Wednesday, September 2, 2009

A Fertility God

2009 should be called "The Year of the Baby." At least this is true for me. Just about every arena of my life has included a new baby. This baby was born April 1st to my best friend from New York who now lives in California, Rebecca. (Please disregard how horrible I look in this photo and pay attention to the cuteness of Sam. Thank you.)



This baby was born to my first L.A. friend, Heather, in May.




My high school friend Gina had her second little girl around the same time. Both girls are named Lucy.



My twin nieces, Cara and Chloe, were born in August. (Cara is having surgery on her pancreas as I write, but the prognosis is good.)
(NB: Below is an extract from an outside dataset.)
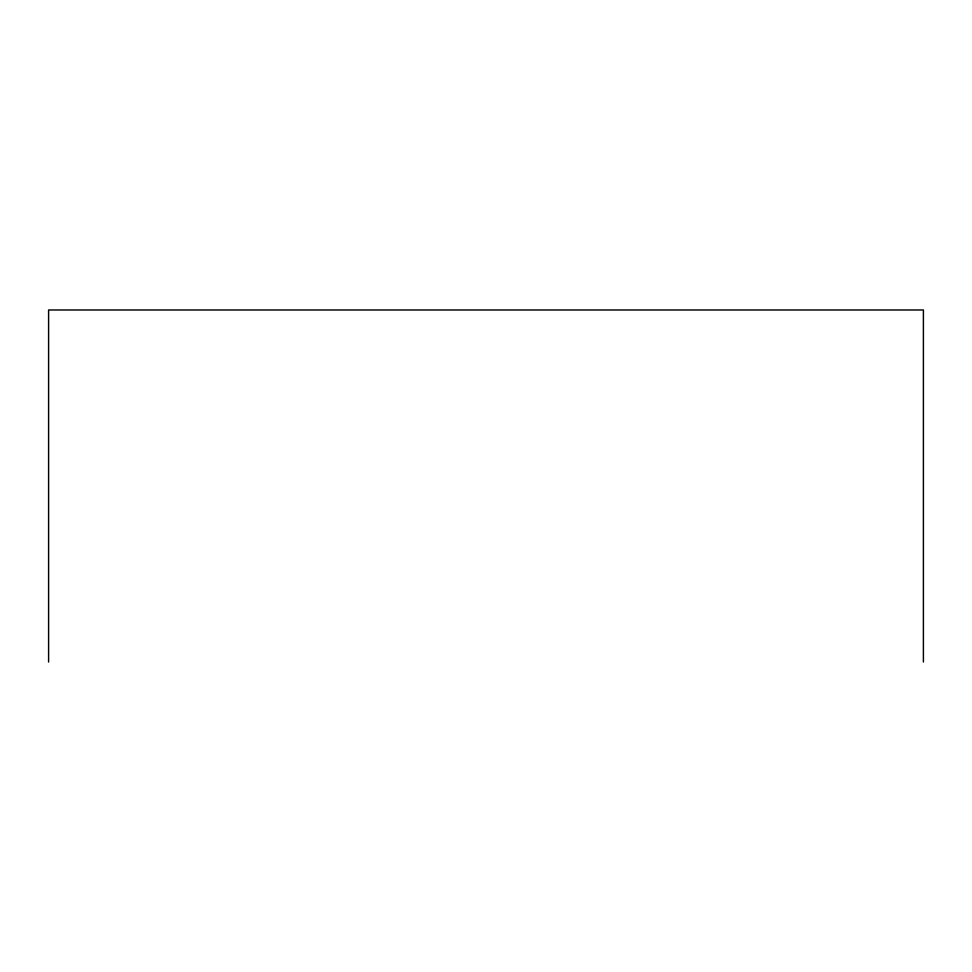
<?xml version="1.0" encoding="UTF-8"?>
<svg xmlns="http://www.w3.org/2000/svg" width="972" height="972" viewBox="0 0 972 972"><rect width="100%" height="100%" fill="white"/><g stroke="black" fill="none" stroke-linecap="round" stroke-linejoin="round"><path stroke-width="1.46" d="M923.4 662.017L923.4 309.983L48.6 309.983L48.6 662.017"/></g></svg>

My sister Kate, my cousin Josh's girlfriend, my L.A. friend Amy, and my NYC friend Anna are all due at the end of the year.

And now, my oldest friend on the books is due with her second child in February. Which will not be 2009, but since conception happened pre-2010, I'm going to count it anyway. I think I might be a fertility god...

Tuesday, September 1, 2009

Kadi Baby

My little sister -- who beat me down the aisle -- is now pregnant. She's due around November 13th. My mother is thrilled. She is also in uber-grammy mode putting together the baby shower. It has been decided that baby pictures of my sister and her hubby should grace the invitation, so my mother scanned a few old photos. This, of course, released a torrent of nostalgia for Mom which meant she had to promptly share them with me. I have to say, my sister was one cute baby.



The funny thing is, due to the age difference between me and Kadi, I remember my sister vividly like this. And sometimes? Sometimes I wonder at how this adorable, little baby become the beautiful, accomplished woman Kate is today. Love you, Brat.